*** Exercise data ***

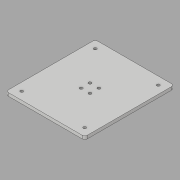
# Autodesk Inventor part: B_base 1
Saved by Autodesk Inventor 2019 (Build 230136000, 136)
## iProperties
Created: 2021-11-05
Part Number: B_base 1
Material: Generic
Document SubType Name: Modeling
Designer: Mohamed
Density: 1 g/cm^3
Appearance: Default
Author: Mohamed
Autodesk Inventor part; units mm, degrees
ref_plane "YZ Plane" through (0, 0, 0) normal (1, 0, 0) x (0, 1, 0)
ref_plane "XZ Plane" through (0, 0, 0) normal (0, 1, 0) x (-1, 0, 0)
ref_plane "XY Plane" through (0, 0, 0) normal (0, 0, 1) x (1, 0, 0)
sketch "Sketch1" plane through (0, 0, 0) normal (0, 1, 0) x (-1, 0, 0)
  line L0 (5, 0) -> (145, 0)
  line L1 (150, -5) -> (150, -165)
  line L2 (145, -170) -> (5, -170)
  line L3 (0, -165) -> (0, -5)
  arc A0 (150, -5) -> (145, 0) centre (145, -5) ccw
  arc A1 (145, -170) -> (150, -165) centre (145, -165) ccw
  arc A2 (5, 0) -> (0, -5) centre (5, -5) ccw
  arc A3 (0, -165) -> (5, -170) centre (5, -165) ccw
  circle A4 centre (135, -155) radius 2.75
  circle A5 centre (15, -155) radius 2.75
  circle A6 centre (15, -15) radius 2.75
  circle A7 centre (135, -15) radius 2.75
  line L4 (75, -85) -> (87, -85) construction
  circle A8 centre (66.4666, -93.5334) radius 2.75
  circle A9 centre (83.0375, -93.9106) radius 2.75
  circle A10 centre (83.4853, -76.5147) radius 2.75
  circle A11 centre (66.9625, -76.0894) radius 2.75
  point P0 (0, 0)
  point P1 (150, -170)
  point P2 (150, 0)
  point P3 (0, -170)
  dimension "d0" = 150
  dimension "d1" = 170
  dimension "d2" = 5
  dimension "d7" = 5.5
  dimension "d11" = 5.5
  dimension "d12" = 5.5
  dimension "d13" = 5.5
  dimension "d19" = 5.5
  dimension "d20" = 5.5
  dimension "d21" = 5.5
  dimension "d22" = 5.5
  constraints: 12 centre point, 10 end point, 8 point on circle, 8 point on line, 8 tangent, 3 equal radius, 2 horizontal, 2 parallel, 1 perpendicular
  measures "d0" distance of point (150, -170) point (0, -170)
  measures "d1" distance of point (150, 0) point (150, -170)
  measures "d2" radius of A0
  measures "d7" diameter of A4
  measures "d11" diameter of A5
  measures "d12" diameter of A6
  measures "d13" diameter of A7
  measures "d19" diameter of A8
  measures "d20" diameter of A9
  measures "d21" diameter of A10
  measures "d22" diameter of A11
extrude "Extrusion1" add sketch "Sketch1" along normal blind 6 contours L0 A0 L1 A1 L2 A3 L3 A2 | A4 | A5 | A6 | A7 | A8 | A9 | A10 | A11
sketch "Sketch2" plane through (0, 6, 0) normal (0, 1, 0) x (1, 0, 0)
  line L0 (-150, 165) -> (-150, 5) projected
  line L1 (0, 5) -> (0, 165) projected
  line L2 (0, 15) -> (15, 15) construction
  line L3 (-5, 170) -> (-145, 170) projected
  line L4 (-15, 170) -> (0, 170) construction
  circle A0 centre (-135, 155) radius 2.75
  circle A1 centre (-15, 155) radius 2.75
  circle A2 centre (-15, 15) radius 2.75
  circle A3 centre (-135, 15) radius 2.75
  line L5 (-75, 85) -> (-63, 85) construction
  circle A4 centre (-66.5147, 93.4853) radius 2.75
  circle A5 centre (-83.4853, 93.4853) radius 2.75
  circle A6 centre (-83.4853, 76.5147) radius 2.75
  circle A7 centre (-66.5147, 76.5147) radius 2.75
  point P0 (0, 0)
  dimension "d30" = 5.5
  dimension "d31" = 5.5
  dimension "d32" = 5.5
  dimension "d33" = 5.5
  dimension "d40" = 5.5
  dimension "d41" = 5.5
  dimension "d42" = 5.5
  dimension "d43" = 5.5
  constraints: 8 centre point, 6 end point, 3 horizontal, 2 point on line
  measures "d30" diameter of A0
  measures "d31" diameter of A1
  measures "d32" diameter of A2
  measures "d33" diameter of A3
  measures "d40" diameter of A4
  measures "d41" diameter of A5
  measures "d42" diameter of A6
  measures "d43" diameter of A7
extrude "Extrusion2" cut sketch "Sketch2" against normal blind 6
body "Solid1"

*** End of Exercise data ***

# [Required work]
Repeat the data above starting at the line with "diameter of A0" and ending at its last line, exactly, with no other lines.

# [Result]
  measures "d30" diameter of A0
  measures "d31" diameter of A1
  measures "d32" diameter of A2
  measures "d33" diameter of A3
  measures "d40" diameter of A4
  measures "d41" diameter of A5
  measures "d42" diameter of A6
  measures "d43" diameter of A7
extrude "Extrusion2" cut sketch "Sketch2" against normal blind 6
body "Solid1"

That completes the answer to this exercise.